There are some limitations in our study. First, the population is an occupational cohort of white-collar workers and limited to whites, which may reduce the generalizability of our findings to other populations. However, this would not affect the internal validity of our results with respect to the longitudinal analyses. Second, information about sleep duration was self-reported by the participants. Nevertheless, self-report assessments of sleep have been shown to be valid measures compared to quantitative sleep assessments with actigraphy (44
). Moreover, because outcomes were assessed prospectively, any misclassification of sleep duration would be non-differential with respect to weight gain, thus resulting in underestimation of the true effects. A further limitation of this study is the relatively short time of follow-up (5 years), which may have precluded us from detecting larger and significant effects of sleep deprivation on future changes in body weight and fat distribution. However, other longitudinal analyses (23
), but one (26
), based on longer follow-ups, still failed to detect significant and consistent associations. The strengths of this study include the simultaneous inclusion of a number of covariates known to be related to both sleep habits and obesity. A further strength is that anthropometric measures of relative weight and body fat distribution were directly measured at both examinations and were not based on questionnaire like in previous longitudinal investigations, thus minimizing the potential of recall bias and misclassification that occurs when using self report alone.
In summary, consistent with previous investigations, this study demonstrates significant associations between short duration of sleep and greater body weight, central adiposity and risk of obesity, in cross-sectional analyses. However, prospective analyses do not support a temporal relationship between short duration of sleep and gains in body weight or central adiposity, which is consistent with all (23
) but one (26
) previous longitudinal studies.
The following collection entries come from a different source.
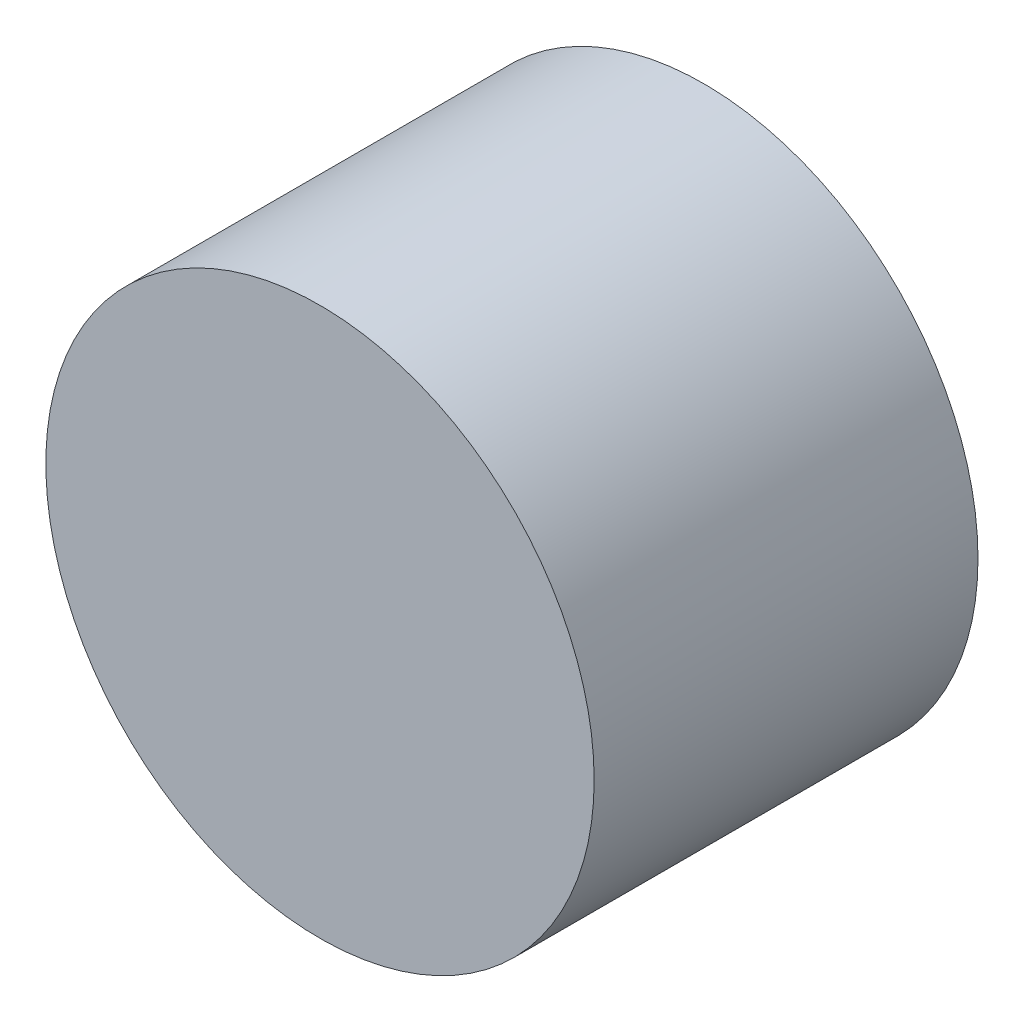
ISO-10303-21;
HEADER;
FILE_DESCRIPTION(('STEP AP214'),'2;1');
FILE_NAME('part.step','',(''),(''),'','','');
FILE_SCHEMA(('AUTOMOTIVE_DESIGN { 1 0 10303 214 1 1 1 1 }'));
ENDSEC;
DATA;
#1=APPLICATION_CONTEXT('core data for automotive mechanical design processes');
#2=APPLICATION_PROTOCOL_DEFINITION('international standard','automotive_design',2000,#1);
#3=PRODUCT_CONTEXT('',#1,'mechanical');
#4=PRODUCT('Part','Part','',(#3));
#5=PRODUCT_RELATED_PRODUCT_CATEGORY('part','',(#4));
#6=PRODUCT_DEFINITION_FORMATION('','',#4);
#7=PRODUCT_DEFINITION_CONTEXT('part definition',#1,'design');
#8=PRODUCT_DEFINITION('design','',#6,#7);
#9=PRODUCT_DEFINITION_SHAPE('','',#8);
#10=(LENGTH_UNIT() NAMED_UNIT(*) SI_UNIT(.MILLI.,.METRE.));
#11=(NAMED_UNIT(*) PLANE_ANGLE_UNIT() SI_UNIT($,.RADIAN.));
#12=(NAMED_UNIT(*) SI_UNIT($,.STERADIAN.) SOLID_ANGLE_UNIT());
#13=UNCERTAINTY_MEASURE_WITH_UNIT(LENGTH_MEASURE(1.E-05),#10,'distance_accuracy_value','');
#14=(GEOMETRIC_REPRESENTATION_CONTEXT(3) GLOBAL_UNCERTAINTY_ASSIGNED_CONTEXT((#13)) GLOBAL_UNIT_ASSIGNED_CONTEXT((#10,
#11,#12)) REPRESENTATION_CONTEXT('',''));
#15=CARTESIAN_POINT('',(0.,0.,0.));
#16=DIRECTION('',(0.,0.,1.));
#17=DIRECTION('',(1.,0.,0.));
#18=AXIS2_PLACEMENT_3D('',#15,#16,#17);
#19=CARTESIAN_POINT('',(0.,0.,28.));
#20=DIRECTION('',(0.,0.,-1.));
#21=DIRECTION('',(-1.,0.,0.));
#22=AXIS2_PLACEMENT_3D('',#19,#20,#21);
#23=CYLINDRICAL_SURFACE('',#22,20.);
#24=CARTESIAN_POINT('',(0.,0.,28.));
#25=DIRECTION('',(0.,0.,1.));
#26=DIRECTION('',(1.,0.,0.));
#27=AXIS2_PLACEMENT_3D('',#24,#25,#26);
#28=CIRCLE('',#27,20.);
#29=CARTESIAN_POINT('',(20.,0.,28.));
#30=VERTEX_POINT('',#29);
#31=EDGE_CURVE('E10',#30,#30,#28,.T.);
#32=ORIENTED_EDGE('',*,*,#31,.F.);
#33=EDGE_LOOP('',(#32));
#34=FACE_BOUND('',#33,.T.);
#35=CARTESIAN_POINT('',(0.,0.,0.));
#36=DIRECTION('',(0.,0.,1.));
#37=DIRECTION('',(1.,0.,0.));
#38=AXIS2_PLACEMENT_3D('',#35,#36,#37);
#39=CIRCLE('',#38,20.);
#40=CARTESIAN_POINT('',(20.,0.,0.));
#41=VERTEX_POINT('',#40);
#42=EDGE_CURVE('E45',#41,#41,#39,.T.);
#43=ORIENTED_EDGE('',*,*,#42,.T.);
#44=EDGE_LOOP('',(#43));
#45=FACE_BOUND('',#44,.T.);
#46=ADVANCED_FACE('F39',(#34,#45),#23,.T.);
#47=CARTESIAN_POINT('',(0.,0.,28.));
#48=DIRECTION('',(0.,0.,1.));
#49=DIRECTION('',(1.,0.,0.));
#50=AXIS2_PLACEMENT_3D('',#47,#48,#49);
#51=PLANE('',#50);
#52=ORIENTED_EDGE('',*,*,#31,.T.);
#53=EDGE_LOOP('',(#52));
#54=FACE_BOUND('',#53,.T.);
#55=ADVANCED_FACE('F53',(#54),#51,.T.);
#56=CARTESIAN_POINT('',(0.,0.,0.));
#57=DIRECTION('',(0.,0.,1.));
#58=DIRECTION('',(1.,0.,0.));
#59=AXIS2_PLACEMENT_3D('',#56,#57,#58);
#60=PLANE('',#59);
#61=ORIENTED_EDGE('',*,*,#42,.F.);
#62=EDGE_LOOP('',(#61));
#63=FACE_BOUND('',#62,.T.);
#64=ADVANCED_FACE('F55',(#63),#60,.F.);
#65=CLOSED_SHELL('',(#46,#55,#64));
#66=MANIFOLD_SOLID_BREP('B2',#65);
#67=ADVANCED_BREP_SHAPE_REPRESENTATION('',(#18,#66),#14);
#68=SHAPE_DEFINITION_REPRESENTATION(#9,#67);
ENDSEC;
END-ISO-10303-21;

While sustained sleep curtailment and ensuing excessive daytime sleepiness are undoubtedly cause for concern, our study suggests that short duration of sleep might represent a risk marker rather than a causative risk factor for obesity. Further prospective studies with objective assessment of long-term exposure (e.g., repeated actigraphy), more specific outcomes (including direct measures of adiposity) and better control for confounders are needed before causality can be determined.